The scheme does not maintain the same rigidity in the Peronist internal system. Ricardo Pignanellia bureaucratic figure who totally leads the national Smata, occupies a prominent place on the list headed by CFK. Apparently on the other side of the Peronist rift, Héctor Daer and Pablo Moyano were located meters behind Axel Kicillof last Thursday, at the event intended to celebrate the so chipped Peronist loyalty.

Only time will tell if new Judas emerge in that Peronism is a quasi-liquid state. Pontius Pilate abounds at the moment.

Polarization and resistance

Unbridled attempt at polarizationthe brutal presidential statement about the “box of Kirchnerism and Cristina” defines the contours of a time marked by the rise of political extremes. Fueled right-wing hateMilei is betting on the consolidation of what it considers a hard core.

On the other side of the social scene, responding to the right-wing fierceness, a nascent resistance is outlinedwhich today counts student movement as protagonist. There is also a growing collective unease towards the real results of the current economic plan.

The Youth of the PTS-Frente de Izquierda plays strongly to the extension and development of that resistance: promoting the tendencies towards democratic self-organization; encouraging fighting measures that allow the claims to be massified; betting on the unity and coordination with other sectors in struggle; facing the maneuvers of university authorities and bureaucratic directorates, who are betting on the moderation of the claim and its channeling in the limited outline of the 2025 Budget.
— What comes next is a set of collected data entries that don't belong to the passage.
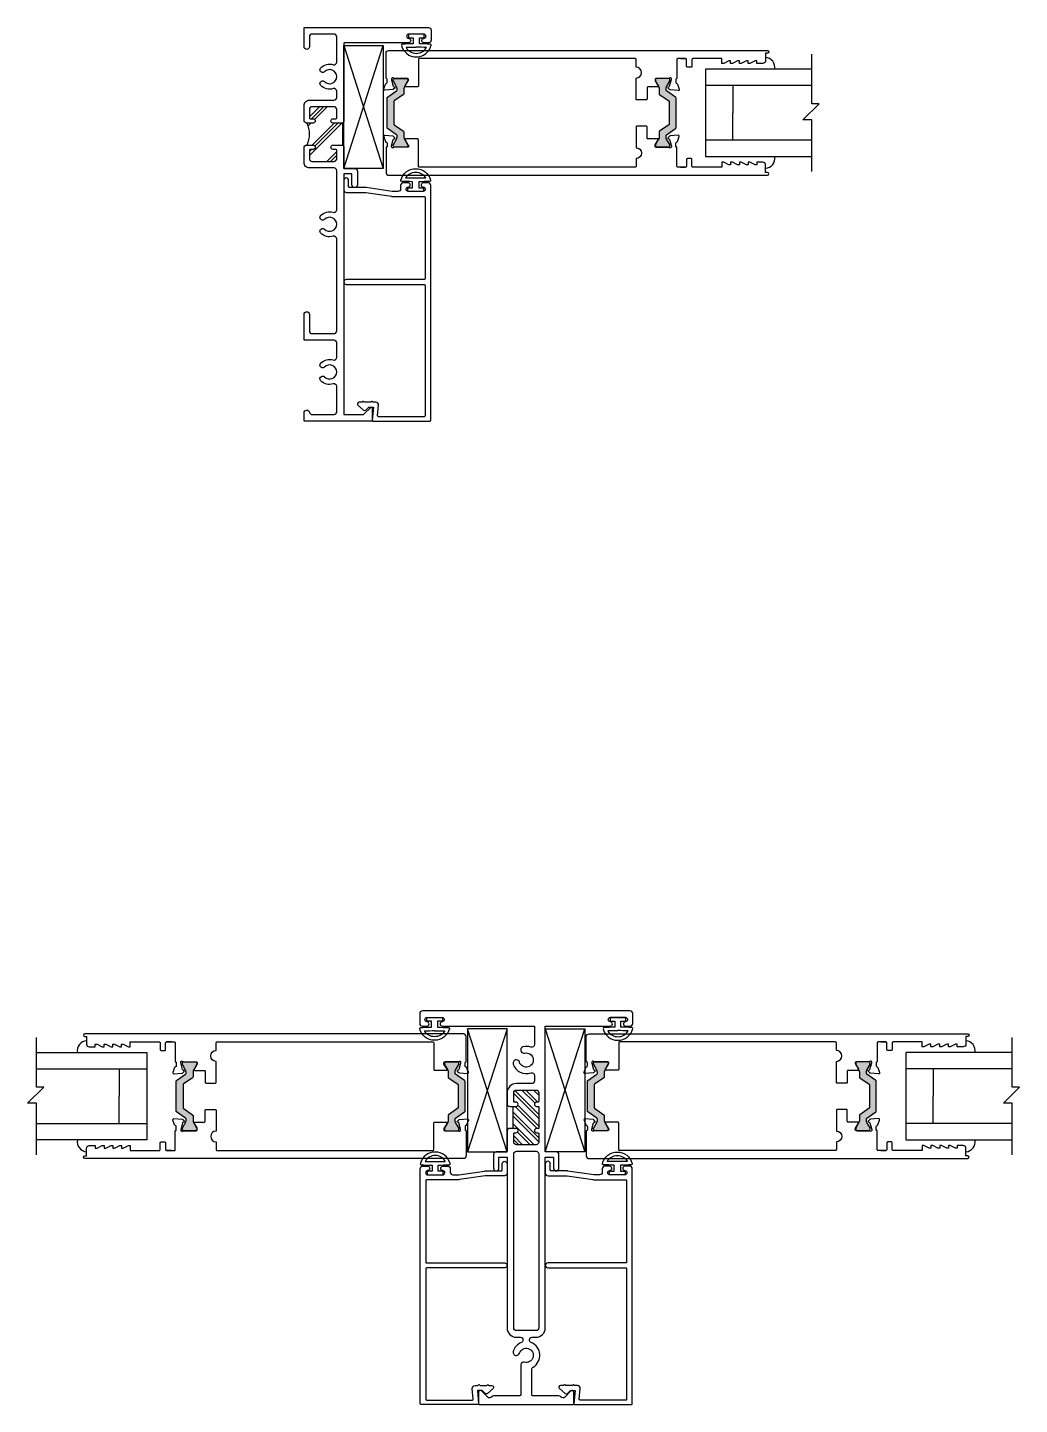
# Model space of a CAD drawing. Extents: x -7 to 79, y -106 to 76.
# Drawn here: x -7.34 to 4, y -7.96 to 7.78 of the extents above; entities that cross this region are included whole.
import ezdxf

# ---------------------------------------------------------------- set-up
doc = ezdxf.new("R2010")
doc.units = 0
doc.header["$MEASUREMENT"] = 0
doc.layers.get('0').update_dxf_attribs({"linetype": 'CONTINUOUS'})
for name, color, linetype in [('FRAME', 1, 'CONTINUOUS'), ('GEOMETRY', 1, 'CONTINUOUS'), ('GLASS', 7, 'CONTINUOUS'), ('I-STRUT', 7, 'CONTINUOUS'), ('MISC.', 7, 'CONTINUOUS'), ('TEXT', 7, 'CONTINUOUS'), ('VENT', 5, 'CONTINUOUS')]:
    doc.layers.add(name, color=color, linetype=linetype)

# ---------------------------------------------------------------- blocks, each defined once
blk = doc.blocks.new('25031')
at = {"layer": 'GEOMETRY', "color": 5}
for p, q in [((-0.035, 0.042), (-0.09, 0.042)), ((-0.09, 0.042), (-0.09, 0)), ((-0.09, 0), (0.09, 0)), ((-0.035, 0.112), (-0.035, 0.042)), ((0.035, 0.042), (0.035, 0.112)), ((0.09, 0.042), (0.035, 0.042)), ((0.09, 0), (0.09, 0.042))]:
    blk.add_line(p, q, dxfattribs=at)
for centre, radius, start, end in [((0, 0.086), 0.175, 14.1622, 165.8685), ((0, 0.086), 0.135, 30.4808, 149.5259), ((-0.16, 0.126), 0.01, 165.8685, 267.1063), ((0, 3.29), 3.179, 267.1063, 269.3654), ((0, 3.29), 3.139, 267.8759, 269.9963), ((0.005, 3.056), 2.904, 269.9005, 272.1922), ((0.005, 3.056), 2.944, 270.5829, 273.0223), ((0.16, 0.126), 0.01, 273.0223, 14.1622)]:
    blk.add_arc(centre, radius, start, end, dxfattribs=at)
blk = doc.blocks.new('3809 BLOCK FRAME')
h = blk.add_hatch()
h.set_pattern_fill('PLAST', color=256, angle=45, style=0)
h.set_pattern_definition([(45, (-4.25098, -6.643), (-0.176777, 0.176777), []), (45, (-4.27308, -6.6209), (-0.176777, 0.176777), []), (45, (-4.29517, -6.5988), (-0.176777, 0.176777), [])])
edge = h.paths.add_edge_path()
edge.add_arc((-0.937, 0.093), 0.031, 270, 360, ccw=False)
edge.add_line((-0.937, 0.062), (-1.033, 0.062))
edge.add_arc((-1.033, 0.072), 0.01, 180, 270, ccw=False)
edge.add_line((-1.043, 0.072), (-1.043, 0.103))
edge.add_arc((-1.068, 0.103), 0.025, 360, 450)
edge.add_arc((-1.068, 0.103), 0.025, 90, 180)
edge.add_line((-1.093, 0.103), (-1.093, 0.031))
edge.add_arc((-1.218, -0.221), 0.281, 63.5092, 116.4908)
edge.add_line((-1.344, 0.031), (-1.344, 0.103))
edge.add_arc((-1.369, 0.103), 0.025, 0, 90)
edge.add_arc((-1.369, 0.103), 0.025, 90, 180)
edge.add_line((-1.394, 0.103), (-1.394, 0.072))
edge.add_arc((-1.404, 0.072), 0.01, 270, 360, ccw=False)
edge.add_line((-1.404, 0.062), (-1.5, 0.062))
edge.add_arc((-1.5, 0.093), 0.031, 180, 270, ccw=False)
edge.add_line((-1.531, 0.093), (-1.531, 0.343))
edge.add_arc((-1.5, 0.343), 0.031, 90, 180, ccw=False)
edge.add_line((-1.5, 0.374), (-1.404, 0.374))
edge.add_arc((-1.404, 0.364), 0.01, 0, 90, ccw=False)
edge.add_line((-1.394, 0.364), (-1.394, 0.333))
edge.add_arc((-1.369, 0.333), 0.025, 180, 270)
edge.add_arc((-1.369, 0.333), 0.025, 270, 360)
edge.add_line((-1.344, 0.333), (-1.344, 0.439))
edge.add_line((-1.344, 0.439), (-1.093, 0.439))
edge.add_line((-1.093, 0.439), (-1.093, 0.333))
edge.add_arc((-1.068, 0.333), 0.025, 180, 270)
edge.add_arc((-1.068, 0.333), 0.025, 270, 360)
edge.add_line((-1.043, 0.333), (-1.043, 0.364))
edge.add_arc((-1.033, 0.364), 0.01, 90, 180, ccw=False)
edge.add_line((-1.033, 0.374), (-0.937, 0.374))
edge.add_arc((-0.937, 0.343), 0.031, 0, 90, ccw=False)
edge.add_line((-0.906, 0.343), (-0.906, 0.093))
blk.add_line((-1.093, 0.439), (-1.344, 0.439))
for points in [[(-1.093, 0.439), (-1.093, 0.333, 0.414214), (-1.068, 0.308, 0.414214), (-1.043, 0.333), (-1.043, 0.364, -0.414214), (-1.033, 0.374), (-0.937, 0.374, -0.414214), (-0.906, 0.343), (-0.906, 0.093, -0.414214), (-0.937, 0.062), (-1.033, 0.062, -0.414214), (-1.043, 0.072), (-1.043, 0.103, 0.414214), (-1.068, 0.128), (-1.068, 0.128, 0.414214), (-1.093, 0.103), (-1.093, 0.031, 0.414214), (-1.062, 0), (-0.893, 0, 0.414214), (-0.831, 0.062), (-0.831, 0.343, -0.414214), (-0.8, 0.374), (-0.729, 0.374, -0.5024), (-0.699, 0.334, 0.280293), (-0.661, 0.19, 0.498955), (-0.613, 0.198), (-0.613, 0.198, 0.334263), (-0.618, 0.235, -2.470836), (-0.506, 0.235, 0.334263), (-0.511, 0.198, 0.498955), (-0.463, 0.19, 0.280293), (-0.425, 0.334, -0.5024), (-0.395, 0.374), (-0.106, 0.374, -0.414214), (-0.075, 0.343), (-0.075, 0.093, -0.414214), (-0.106, 0.062), (-0.219, 0.062, 0.414214), (-0.25, 0.031, 0.414214), (-0.219, 0), (0, 0), (0, 1.423, 0.414214), (-0.031, 1.454), (-0.144, 1.454, 0.414214), (-0.175, 1.423), (-0.175, 1.371, 0.414214), (-0.15, 1.346), (-0.15, 1.346, 0.399638), (-0.125, 1.37, -0.399638), (-0.1, 1.394), (-0.1, 1.394, -0.414214), (-0.075, 1.369), (-0.075, 1.199, -0.414214), (-0.1, 1.174), (-0.1, 1.174, -0.399638), (-0.125, 1.198, 0.399638), (-0.15, 1.221, 0.414214), (-0.175, 1.196), (-0.175, 0.464, -0.414214), (-0.185, 0.454), (-1.078, 0.454), (-1.093, 0.439)], [(-1.344, 0.439), (-1.344, 0.439), (-1.359, 0.454), (-1.612, 0.454), (-1.612, 0.579, 0.414214), (-1.643, 0.61), (-1.799, 0.61, 0.414214), (-1.83, 0.579, 0.414214), (-1.799, 0.548), (-1.674, 0.548), (-1.674, 0.454), (-4.425, 0.454), (-4.425, 0.678, -0.198912), (-4.422, 0.685), (-4.343, 0.764, 0.668179), (-4.35, 0.781), (-4.49, 0.781, 0.414214), (-4.5, 0.771), (-4.5, 0.01, 0.414214), (-4.49, 0), (-4.406, 0, 0.414214), (-4.375, 0.031, 0.358249), (-4.4, 0.061, -0.358249), (-4.425, 0.092), (-4.425, 0.343, -0.414214), (-4.394, 0.374), (-4.105, 0.374, -0.5024), (-4.075, 0.334, 0.280293), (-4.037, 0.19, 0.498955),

He peronismOn the contrary, it offers a image of alienation to that nascent resistance. Dissociation is not a direct result of the internal crisis. Rather, it corresponds to a strategic orientation. Internal differences do not overshadow a coincidence: betting that the anger against Milei will be channeled only electorally. Be in 2025 or in 2027that let it happen adjustment entails the growth of misery and poverty. Prepare to return to a devastated country for the liberal-libertarian adjustment.

Esa strategy determines the orientation of the fundamental actors in the Peronist movement. The bureaucratic union leadership sets the pace in the same place: further away or closer to power, it works as a guarantor of the so-called “social peace.” Simultaneously, in the rabid cataract of daily accusations, no sector of the political apparatus reproaches its adversaries for little or no combativeness in the struggles. The criticisms are almost always listed from the right.

The ways of hope

As far back as May 2019, Cristina Kirchner appointed Alberto Fernández as a presidential candidate. Aligned with that strategy were many of its current internal contenders. Today, on the plain of defeat, Peronism proposes the same path. The future will tell what new or old names will complete the electoral menu. Beyond the faces, we are invited to repeat the apothegm of the malmenorbasis of the last and most resounding failure. In the historical crisis that is ongoingappears unable to offer another alternative.

In the face of hopeless hopeit is possible start building another future. One that is nourished by the power that is beginning to unfold in worker and student struggles. What do you know feed that combative youthwhich – flooding the streets and taking over powers – challenges the ruling right. A future that turns resignation and skepticism into the past.